All procedural objections aside, the interpretation that implicit feedback created the results because of successful second retrieval attempts is not the only possible interpretation. Feedback may also give participants a reason to retrieve source details that they would not have retrieved without it. According to this interpretation, the implicit feedback informs participants that the item was studied, but the implicit feedback does not change that the item’s evidence strength (as stated by the SDT model) was not strong enough to justify an old response. Participants may then infer that source information could be available, prompting them to attempt retrieval of source details and sometimes succeed at it. However, this view is somehow at odds with the conventional view of bivariate SDT, as the differential feedback is no longer defined as a confounding factor but redefined as a prerequisite of source memory after failed item recognition. The source-detail interpretation entails the assumption that participants do not automatically consult the source-strength dimension if the item’s evidence strength is below the response criterion on the item-strength dimension. However, participants would do so as soon as feedback is provided.

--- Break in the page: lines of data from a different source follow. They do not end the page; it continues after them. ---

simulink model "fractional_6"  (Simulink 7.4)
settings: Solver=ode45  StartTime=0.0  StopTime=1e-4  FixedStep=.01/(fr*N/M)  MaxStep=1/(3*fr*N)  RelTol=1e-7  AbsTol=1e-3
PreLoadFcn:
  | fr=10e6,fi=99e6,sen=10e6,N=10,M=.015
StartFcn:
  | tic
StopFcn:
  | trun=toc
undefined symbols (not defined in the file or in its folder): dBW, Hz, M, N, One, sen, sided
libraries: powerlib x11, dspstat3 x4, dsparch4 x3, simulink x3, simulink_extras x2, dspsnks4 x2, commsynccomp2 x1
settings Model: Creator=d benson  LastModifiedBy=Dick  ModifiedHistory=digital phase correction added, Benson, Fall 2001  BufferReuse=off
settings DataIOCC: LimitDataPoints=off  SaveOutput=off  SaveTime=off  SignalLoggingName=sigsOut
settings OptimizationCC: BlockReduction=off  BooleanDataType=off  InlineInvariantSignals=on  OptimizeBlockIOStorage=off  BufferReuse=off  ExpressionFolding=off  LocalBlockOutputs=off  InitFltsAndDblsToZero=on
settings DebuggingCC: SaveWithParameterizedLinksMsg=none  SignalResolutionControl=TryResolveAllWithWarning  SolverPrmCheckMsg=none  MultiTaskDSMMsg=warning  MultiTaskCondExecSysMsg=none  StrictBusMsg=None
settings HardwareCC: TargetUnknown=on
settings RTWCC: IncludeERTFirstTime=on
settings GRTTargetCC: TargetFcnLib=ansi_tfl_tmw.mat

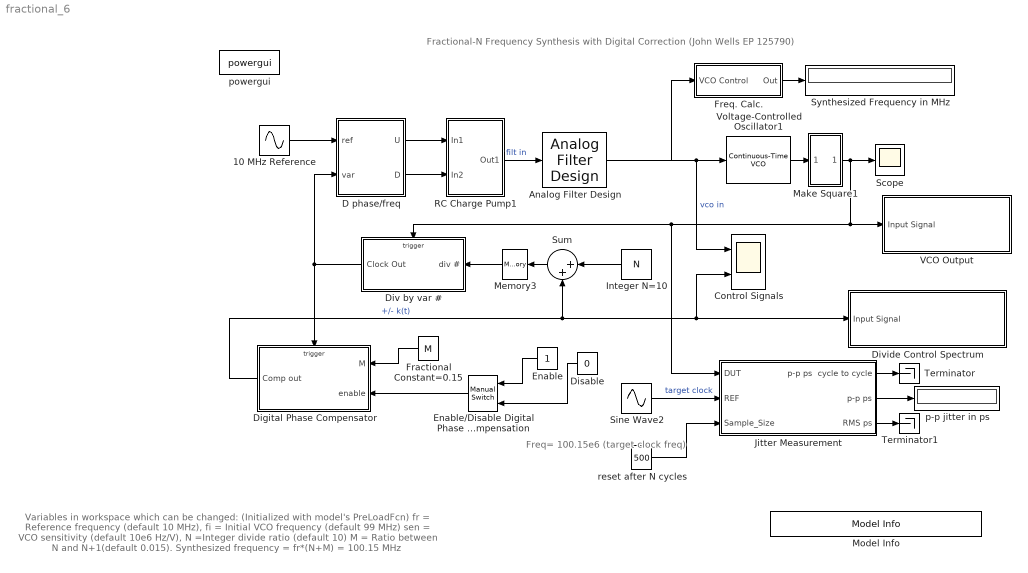
== system fractional_6 ==
  note: Fractional-N Frequency Synthesis with Digital Correction (John Wells EP 125790)
  note: Variables in workspace which can be changed: (Initialized with model's PreLoadFcn)
      | fr = Reference frequency (default 10  MHz),        fi = Initial VCO frequency (default 99 MHz)
      | sen = VCO sensitivity (default 10e6 Hz/V),         N =Integer divide ratio (default 10)
      | M = Ratio between N and N+1(default 0.015).     Synthesized frequency = fr*(N+M) = 100.15 MHz
  note: Freq= 100.15e6 (target clock freq)
  10 MHz Reference : Sin  Amplitude=1  Bias=0  Frequency=2*pi*fr  Phase=0  Samples=10  SampleTime=0  Offset=0
  Analog Filter Design : dsparch4/Analog Filter Design  method=Elliptic  filttype=Lowpass  N=6  Wlo=2*pi*1e6  Whi=80  Rp=2  Rs=80
  Control Signals : Scope  NumInputPorts=2
      settings: TimeRange=0.0001  YMin=0~-7.5  YMax=0.2~7.5  Decimation=51
  "D phase/freq " : Subsystem
  Digital Phase Compensator : Subsystem  TreatAsAtomicUnit=on
  Disable : Constant  Value=0  OutDataType=sfix(16)  OutScaling=2^0
  Div by var # : Subsystem  TreatAsAtomicUnit=on
  Divide Control Spectrum : Subsystem  Description=Spectrum Analyzer  mask{BW=40e6}
      mask prompts: BW "Bandwidth"
      mask Display: fprintf('Baseband Spectrum Analyzer \n  BW=%7.2f MHz', BW/1e6)
  Enable : Constant  OutDataType=sfix(16)  OutScaling=2^0
  Enable/Disable Digital Phase Compensation : simulink/Signal Routing/Manual Switch  SystemSampleTime=-1  sw=1  action=0  varsize=off
  Fractional Constant=0.15 : Constant  Value=M  OutDataType=sfix(16)  OutScaling=2^0
  Freq. Calc. : Subsystem
  Integer N=10 : Constant  Value=N  OutDataType=sfix(16)  OutScaling=2^0
  "Jitter Measurement " : Subsystem
  Make Square1 : Subsystem
      mask Type: Make Square
      mask Description:
      | For input +ve values output is 1
      | For input -ve values output is 0
      mask Display: plot(0,0,100,100,[90,70,70,50,50,30,30,10,10],[20,20,40,40,20,20,40,40,20],[90,87,84,80,76,73,70,67,63,60,57,53,50,47,44,40,36,33,30,27,23,20,17,13,10],[70,65,63,62,63,65,70,75,77,78,77,75,70,65,63,62,63,65,70,75,77,78,77,75,70])
  Memory3 : Memory
  Model Info : simulink/Model-Wide Utilities/Model Info  SystemSampleTime=-1  InitialBlockCM=none  BlockCM=none  Frame=on  DisplayStringWithTags=Copywrite 2005-2010 The MathWorks, Inc.  HorizontalTextAlignment=Center  LeftAlignmentValue=0.5  SourceBlockDiagram=fractional_6  TagMaxNumber=20
  RC Charge Pump1 : Subsystem
  Scope : Scope
      settings: TimeRange=9.98502246630055e-009  YMin=-0.1  YMax=1.1
  Sine Wave2 : Sin  Amplitude=1  Bias=0  Frequency=2*pi*(100.15e6)  Phase=pi/2  Samples=10  SampleTime=0  Offset=0
  Sum : Sum  Inputs=|++  OutDataType=sfix(16)  OutScaling=2^0  SaturateOnIntegerOverflow=on  InputSameDT=on  OutDataTypeStr=Inherit: Same as first input
  "Synthesized Frequency in MHz " : Display
      settings: Decimation=401
  Terminator : Terminator
  Terminator1 : Terminator
  VCO Output : Subsystem  Description=Spectrum Analyzer  mask{BW=4e6, Fc=100.15e6}
      mask prompts: BW "Bandwidth"; Fc "Center Freq"
      mask Display: fprintf('Spectrum Analyzer \n Fc=%7.2f MHz \n BW=%7.2f MHz',Fc/1e6,BW/1e6)
  Voltage-Controlled Oscillator1 : commsynccomp2/Continuous-Time VCO  SystemSampleTime=-1  Ac=1  Fc=fi  Kc=sen  Ph=pi/8
  p-p jitter in ps : Display
  powergui : powerlib/powergui  SystemSampleTime=-1  SimulationMode=Continuous  SampleTime=0  frequency=60  SPID=off  DisableSnubberDevices=off  DisableRonSwitches=off  DisableVfSwitches=off  SwTol=0  Interpol=off  frequencyindice=0  echomessages=off  HookPort=off  DisplayEquations=off  FunctionMessages=off  EnableUseOfTLC=off  x0status=blocks  RestoreLinks=warning  Frange=[0:2:500]  Ylog=off  Xlog=on  ShowGrid=off  save=off  variable=ZData  ZoomFFT=on  StartTime=0.0  cycles=1  DisplayStyle=1  fundamental=60  FreqAxis=off  MaxFrequency=1000  frequencyindicesteady=1  RmsSteady=1  display=off  Ts=0  methode=off
  reset after N cycles : Constant  Value=500  VectorParams1D=off  OutDataType=sfix(16)  OutScaling=2^0
  wires:
  Voltage-Controlled Oscillator1/1 -> Make Square1/1(In1)
  Make Square1/1(Out1) -> Scope/1, VCO Output/1(Input Signal), Div by var #/Trigger, "Jitter Measurement "/1(DUT)
  10 MHz Reference/1 -> "D phase/freq "/1(ref)
  Div by var #/1(Clock Out) -> "D phase/freq "/2(var), Digital Phase Compensator/Trigger
  Sum/1 -> Memory3/1
  Integer N=10/1 -> Sum/1
  Freq. Calc./1(Out) -> "Synthesized Frequency in MHz "/1
  Analog Filter Design/1 -> Control Signals/1, Freq. Calc./1(VCO Control), Voltage-Controlled Oscillator1/1  "vco in"
  "D phase/freq "/1(U) -> RC Charge Pump1/1(In1)
  "D phase/freq "/2(D) -> RC Charge Pump1/2(In2)
  RC Charge Pump1/1(Out1) -> Analog Filter Design/1  "filt in"
  Digital Phase Compensator/1(Comp out) -> Sum/2, Control Signals/2, Divide Control Spectrum/1(Input Signal)  "+/- k(t)"
  Fractional Constant=0.15/1 -> Digital Phase Compensator/1(M)
  Enable/Disable Digital Phase Compensation/1 -> Digital Phase Compensator/2(enable)
  Enable/1 -> Enable/Disable Digital Phase Compensation/1
  Disable/1 -> Enable/Disable Digital Phase Compensation/2
  Sine Wave2/1 -> "Jitter Measurement "/2(REF)  "target clock"
  "Jitter Measurement "/2(p-p ps) -> p-p jitter in ps/1
  reset after N cycles/1 -> "Jitter Measurement "/3(Sample_Size)
  Memory3/1 -> Div by var #/1(div #)
  "Jitter Measurement "/1(p-p ps  cycle to cycle) -> Terminator/1
  "Jitter Measurement "/3(RMS ps) -> Terminator1/1

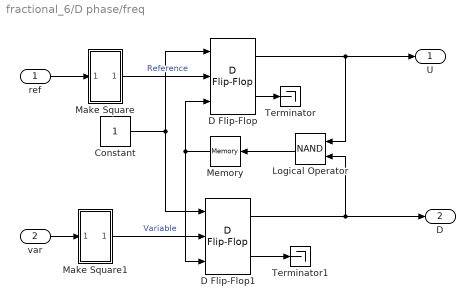
== system fractional_6/D phase/freq  ==
  ref : Inport  OutDataType=sfix(16)  OutScaling=2^0
  var : Inport  Port=2  OutDataType=sfix(16)  OutScaling=2^0
  Constant : Constant  OutDataType=sfix(16)  OutScaling=2^0
  D Flip-Flop : simulink_extras/Flip Flops/D Flip-Flop  SystemSampleTime=-1
  D Flip-Flop1 : simulink_extras/Flip Flops/D Flip-Flop  SystemSampleTime=-1
  Logical Operator : Logic  Operator=NAND
  Make Square : Subsystem
      mask Type: Make Square
      mask Description:
      | For input +ve values output is 1
      | For input -ve values output is 0
      mask Display: plot(0,0,100,100,[90,70,70,50,50,30,30,10,10],[20,20,40,40,20,20,40,40,20],[90,87,84,80,76,73,70,67,63,60,57,53,50,47,44,40,36,33,30,27,23,20,17,13,10],[70,65,63,62,63,65,70,75,77,78,77,75,70,65,63,62,63,65,70,75,77,78,77,75,70])
  Make Square1 : Subsystem
      mask Type: Make Square
      mask Description:
      | For input +ve values output is 1
      | For input -ve values output is 0
      mask Display: plot(0,0,100,100,[90,70,70,50,50,30,30,10,10],[20,20,40,40,20,20,40,40,20],[90,87,84,80,76,73,70,67,63,60,57,53,50,47,44,40,36,33,30,27,23,20,17,13,10],[70,65,63,62,63,65,70,75,77,78,77,75,70,65,63,62,63,65,70,75,77,78,77,75,70])
  Memory : Memory
  Terminator : Terminator
  Terminator1 : Terminator
  U : Outport  OutDataType=sfix(16)  OutScaling=2^0
  D : Outport  Port=2  OutDataType=sfix(16)  OutScaling=2^0
  wires:
  D Flip-Flop1/1 -> Logical Operator/2, D/1
  D Flip-Flop/1 -> Logical Operator/1, U/1
  Memory/1 -> D Flip-Flop1/3, D Flip-Flop/3
  Make Square1/1(Out1) -> D Flip-Flop1/2  "Variable"
  Make Square/1(Out1) -> D Flip-Flop/2  "Reference"
  Constant/1 -> D Flip-Flop1/1, D Flip-Flop/1
  var/1 -> Make Square1/1(In1)
  ref/1 -> Make Square/1(In1)
  Logical Operator/1 -> Memory/1
  D Flip-Flop1/2 -> Terminator1/1
  D Flip-Flop/2 -> Terminator/1

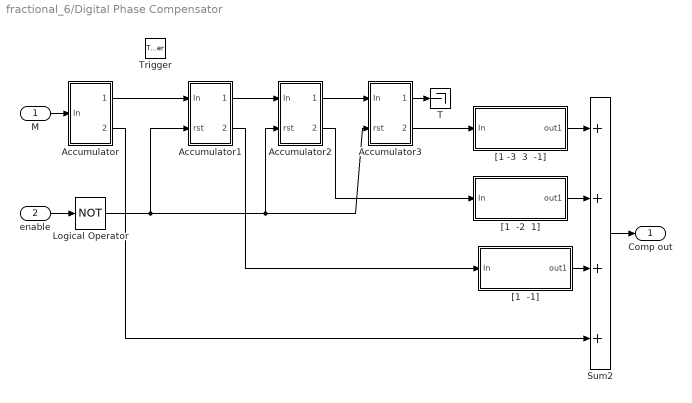
== system fractional_6/Digital Phase Compensator ==
  M : Inport  OutDataType=sfix(16)  OutScaling=2^0
  enable : Inport  Port=2  OutDataType=sfix(16)  OutScaling=2^0
  Trigger : TriggerPort
  Accumulator : Subsystem
  Accumulator1 : Subsystem
  Accumulator2 : Subsystem
  Accumulator3 : Subsystem
  Logical Operator : Logic  Operator=NOT
  Sum2 : Sum  Inputs=++++  OutDataType=sfix(16)  OutScaling=2^0  SaturateOnIntegerOverflow=on  InputSameDT=on  OutDataTypeStr=Inherit: Same as first input
  T : Terminator
  "[1  -1] " : Subsystem  TreatAsAtomicUnit=on
  "[1  -2  1]" : Subsystem  TreatAsAtomicUnit=on
  "[1 -3  3  -1]" : Subsystem  TreatAsAtomicUnit=on
  Comp out : Outport  OutDataType=sfix(16)  OutScaling=2^0
  wires:
  M/1 -> Accumulator/1(In)
  Accumulator1/1(State) -> Accumulator2/1(In)
  Accumulator2/1(State) -> Accumulator3/1(In)
  Accumulator1/2(Carry) -> "[1  -1] "/1(In)
  Accumulator2/2(Carry) -> "[1  -2  1]"/1(In)
  Accumulator3/2(Carry) -> "[1 -3  3  -1]"/1(In)
  Accumulator3/1(State) -> T/1
  Accumulator/1(State) -> Accumulator1/1(In)
  Sum2/1 -> Comp out/1
  "[1 -3  3  -1]"/1(out1) -> Sum2/1
  "[1  -2  1]"/1(out1) -> Sum2/2
  "[1  -1] "/1(out1) -> Sum2/3
  Accumulator/2(Carry) -> Sum2/4
  enable/1 -> Logical Operator/1
  Logical Operator/1 -> Accumulator1/2(rst), Accumulator2/2(rst), Accumulator3/2(rst)

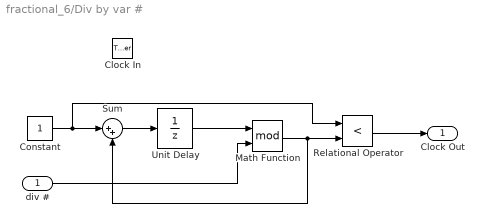
== system fractional_6/Div by var # ==
  div # : Inport  OutDataType=sfix(16)  OutScaling=2^0
  Clock In : TriggerPort
  Constant : Constant  OutDataType=sfix(16)  OutScaling=2^0
  Math Function : Math  Operator=mod  OutDataType=sfix(16)  OutScaling=2^0  SaturateOnIntegerOverflow=on
  Relational Operator : RelationalOperator  Operator=<  InputSameDT=on
  Sum : Sum  Inputs=|++  OutDataType=sfix(16)  OutScaling=2^0  SaturateOnIntegerOverflow=on  InputSameDT=on  OutDataTypeStr=Inherit: Same as first input
  Unit Delay : UnitDelay  SampleTime=-1
  Clock Out : Outport  OutDataType=sfix(16)  OutScaling=2^0
  wires:
  Constant/1 -> Sum/1, Relational Operator/1
  Sum/1 -> Unit Delay/1
  Unit Delay/1 -> Math Function/1
  div #/1 -> Math Function/2
  Math Function/1 -> Sum/2, Relational Operator/2
  Relational Operator/1 -> Clock Out/1

== system fractional_6/Divide Control Spectrum ==
  Input Signal : Inport  OutDataType=sfix(16)  OutScaling=2^0
  Spectrum Scope : dspsnks4/Spectrum Scope  DialogController=dspdialog.SpectrumScope  DialogControllerArgs=DataTag0  SystemSampleTime=-1  ScopeProperties=on  Domain=Frequency  HorizSpan=1  UseBuffer=on  BufferSize=256  Overlap=0  inpFftLenInherit=off  FFTlength=128  numAvg=1  DisplayProperties=off  AxisGrid=on  Memory=off  FrameNumber=on  AxisLegend=off  AxisZoom=off  OpenScopeAtSimStart=on  OpenScopeImmediately=off  FigPos=[386 37 333 196]  AxisProperties=off  XUnits=Hertz  XRange=One-sided ([0...Fs/2])  XDisplay=0  InheritXIncr=on  XIncr=1.0  XLabel=Samples  XLimit=Auto  YUnits=dBW  XMax=1  XMin=0  YLabel=dBW/Hz  LineProperties=off  wintypeSpecScope=Hann  RsSpecScope=50  betaSpecScope=5  winsampSpecScope=Periodic  XAxisParamsVer=6.9
      settings: YMin=-100  YMax=0
  anti alias : dsparch4/Analog Filter Design  method=Elliptic  filttype=Lowpass  N=8  Wlo=BW*2*pi  Whi=80  Rp=0.11  Rs=100
  sampler : ZeroOrderHold  SampleTime=1/(2.56*BW)
  wires:
  sampler/1 -> Spectrum Scope/1
  anti alias/1 -> sampler/1
  Input Signal/1 -> anti alias/1

== system fractional_6/Freq. Calc. ==
  VCO Control : Inport  OutDataType=sfix(16)  OutScaling=2^0
  F : Constant  Value=fi  OutDataType=sfix(16)  OutScaling=2^0
  Gain1 : Gain  Gain=1e-6  ParameterDataType=sfix(16)  ParameterScaling=2^0  OutDataType=sfix(16)  OutScaling=2^0  SaturateOnIntegerOverflow=on  OutDataTypeStr=Inherit: Same as input  ParamDataTypeStr=Inherit: Same as input
  Gain3 : Gain  Gain=sen  ParameterDataType=sfix(16)  ParameterScaling=2^0  OutDataType=sfix(16)  OutScaling=2^0  SaturateOnIntegerOverflow=on  OutDataTypeStr=Inherit: Same as input  ParamDataTypeStr=Inherit: Same as input
  Sum1 : Sum  Inputs=|++  OutDataType=sfix(16)  OutScaling=2^0  SaturateOnIntegerOverflow=on  InputSameDT=on  OutDataTypeStr=Inherit: Same as first input
  Out : Outport  OutDataType=sfix(16)  OutScaling=2^0
  wires:
  Sum1/1 -> Gain1/1
  F/1 -> Sum1/2
  Gain3/1 -> Sum1/1
  VCO Control/1 -> Gain3/1
  Gain1/1 -> Out/1

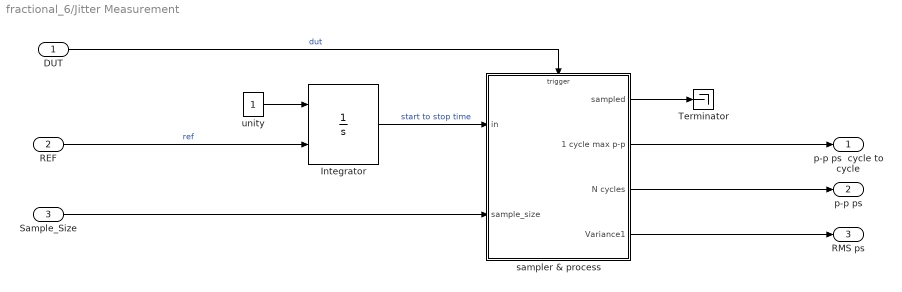
== system fractional_6/Jitter Measurement  ==
  DUT : Inport  OutDataType=sfix(16)  OutScaling=2^0
  REF : Inport  Port=2  OutDataType=sfix(16)  OutScaling=2^0
  Sample_Size : Inport  Port=3  OutDataType=sfix(16)  OutScaling=2^0
  Integrator : Integrator  ExternalReset=rising
  Terminator : Terminator
  sampler & process : Subsystem  TreatAsAtomicUnit=on
  unity : Constant  OutDataTypeMode=double  OutDataType=sfix(16)  OutScaling=2^0  OutDataTypeStr=double
  p-p ps  cycle to cycle : Outport  OutDataType=sfix(16)  OutScaling=2^0
  p-p ps : Outport  Port=2  OutDataType=sfix(16)  OutScaling=2^0
  RMS ps : Outport  Port=3  OutDataType=sfix(16)  OutScaling=2^0
  wires:
  DUT/1 -> sampler & process/Trigger  "dut"
  REF/1 -> Integrator/2  "ref"
  Integrator/1 -> sampler & process/1(in)  "start to stop time"
  Sample_Size/1 -> sampler & process/2(sample_size)
  sampler & process/3(N cycles) -> p-p ps/1
  sampler & process/4(Variance1) -> RMS ps/1
  unity/1 -> Integrator/1
  sampler & process/2(1 cycle max p-p) -> p-p ps  cycle to cycle/1
  sampler & process/1(sampled) -> Terminator/1

== system fractional_6/Make Square1 ==
  In1 : Inport  OutDataType=sfix(16)  OutScaling=2^0
  Constant : Constant  Value=0  OutDataType=sfix(16)  OutScaling=2^0
  Relational Operator : RelationalOperator  Operator=>  InputSameDT=on
  Out1 : Outport  OutDataType=sfix(16)  OutScaling=2^0
  wires:
  In1/1 -> Relational Operator/1
  Constant/1 -> Relational Operator/2
  Relational Operator/1 -> Out1/1

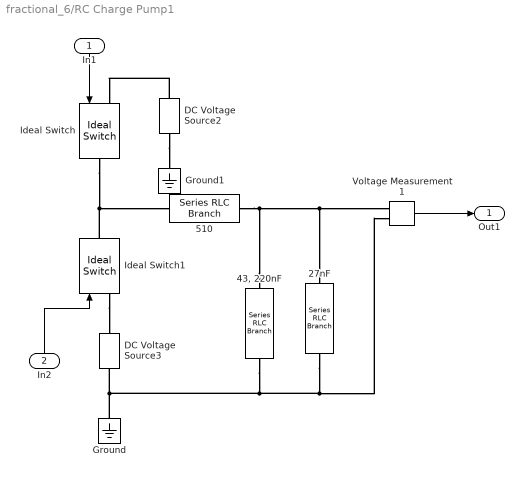
== system fractional_6/RC Charge Pump1 ==
  In1 : Inport  OutDataType=sfix(16)  OutScaling=2^0
  In2 : Inport  Port=2  OutDataType=sfix(16)  OutScaling=2^0
  27nF : powerlib/Elements/Series RLC Branch  DialogController=POWERSYS.PowerSysDialog  PhysicalDomain=powersysdomain  SubClassName=unknown  LeftPortType=p1  RightPortType=p1  LConnTagsString=__new0  RConnTagsString=__new0  BranchType=C  Resistance=3900  Inductance=1e-3  SetiL0=off  InitialCurrent=0  Capacitance=27e-9  Setx0=off  InitialVoltage=0  Measurements=None
  "43, 220nF" : powerlib/Elements/Series RLC Branch  DialogController=POWERSYS.PowerSysDialog  PhysicalDomain=powersysdomain  SubClassName=unknown  LeftPortType=p1  RightPortType=p1  LConnTagsString=__new0  RConnTagsString=__new0  BranchType=RC  Resistance=43  Inductance=1e-3  SetiL0=off  InitialCurrent=0  Capacitance=220e-9  Setx0=off  InitialVoltage=0  Measurements=None
  510 : powerlib/Elements/Series RLC Branch  DialogController=POWERSYS.PowerSysDialog  PhysicalDomain=powersysdomain  SubClassName=unknown  LeftPortType=p1  RightPortType=p1  LConnTagsString=__new0  RConnTagsString=__new0  BranchType=R  Resistance=510  Inductance=1e-3  SetiL0=off  InitialCurrent=0  Capacitance=1e-6  Setx0=off  InitialVoltage=0  Measurements=None
  DC Voltage Source2 : powerlib/Electrical Sources/DC Voltage Source  DialogController=POWERSYS.PowerSysDialog  SystemSampleTime=-1  Amplitude=5  Measurements=None
  DC Voltage Source3 : powerlib/Electrical Sources/DC Voltage Source  DialogController=POWERSYS.PowerSysDialog  SystemSampleTime=-1  Amplitude=-5  Measurements=None
  Ground : powerlib/Elements/Ground  DialogController=POWERSYS.PowerSysDialog  PhysicalDomain=powersysdomain  SubClassName=unknown  LeftPortType=p1  RightPortType=p1  LConnTagsString=a
  Ground1 : powerlib/Elements/Ground  DialogController=POWERSYS.PowerSysDialog  PhysicalDomain=powersysdomain  SubClassName=unknown  LeftPortType=p1  RightPortType=p1  LConnTagsString=a
  Ideal Switch : powerlib/Power Electronics/Ideal Switch  DialogController=POWERSYS.PowerSysDialog  SystemSampleTime=-1  Ron=10  Lon=0  IC=0  Rs=inf  Cs=inf  Measurements=off
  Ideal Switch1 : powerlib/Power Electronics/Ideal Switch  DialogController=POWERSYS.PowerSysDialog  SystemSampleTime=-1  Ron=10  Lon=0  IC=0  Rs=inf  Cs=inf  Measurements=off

Although the work reported here will not resolve the modeling debate between discrete-state and continuous-strength models of recognition memory, we agree with Starns et al. (2008) that qualitative predictions and core assumptions of rival measurement models should be tested in extended paradigms in which no model fitting is necessary. Additional support for discrete-state models in an extended paradigm comes from a recent study by Harlow and Donaldson (2013), in which a novel source-memory task was introduced. This task measures source accuracy directly by calculating the degree to which a given source response deviates from the correct source response on a positional continuum. The authors found responses to be a mixture of accurate responses and guesses rather than responses of gradually decreasing accuracy. Hence, the nature of the processes in source memory may be discrete rather than continuous, and abandoning the 2HT model of item/source memory on the basis of apparent source memory for unrecognized items may be a premature conclusion.

Taken together, none of the studies outlined in the introduction directly examined source memory in the absence of item memory. Although the experiments conducted by Starns et al. (2008) appear to fill this gap, their interpretation is challenged by our study. Our findings rather support the idea that source information cannot be retrieved without item recognition. Hence, you may never be able to specify that the unfamiliar person on the bus is the butcher from the supermarket, unless you realize that you have made a mistake and that you do recognize the person after all.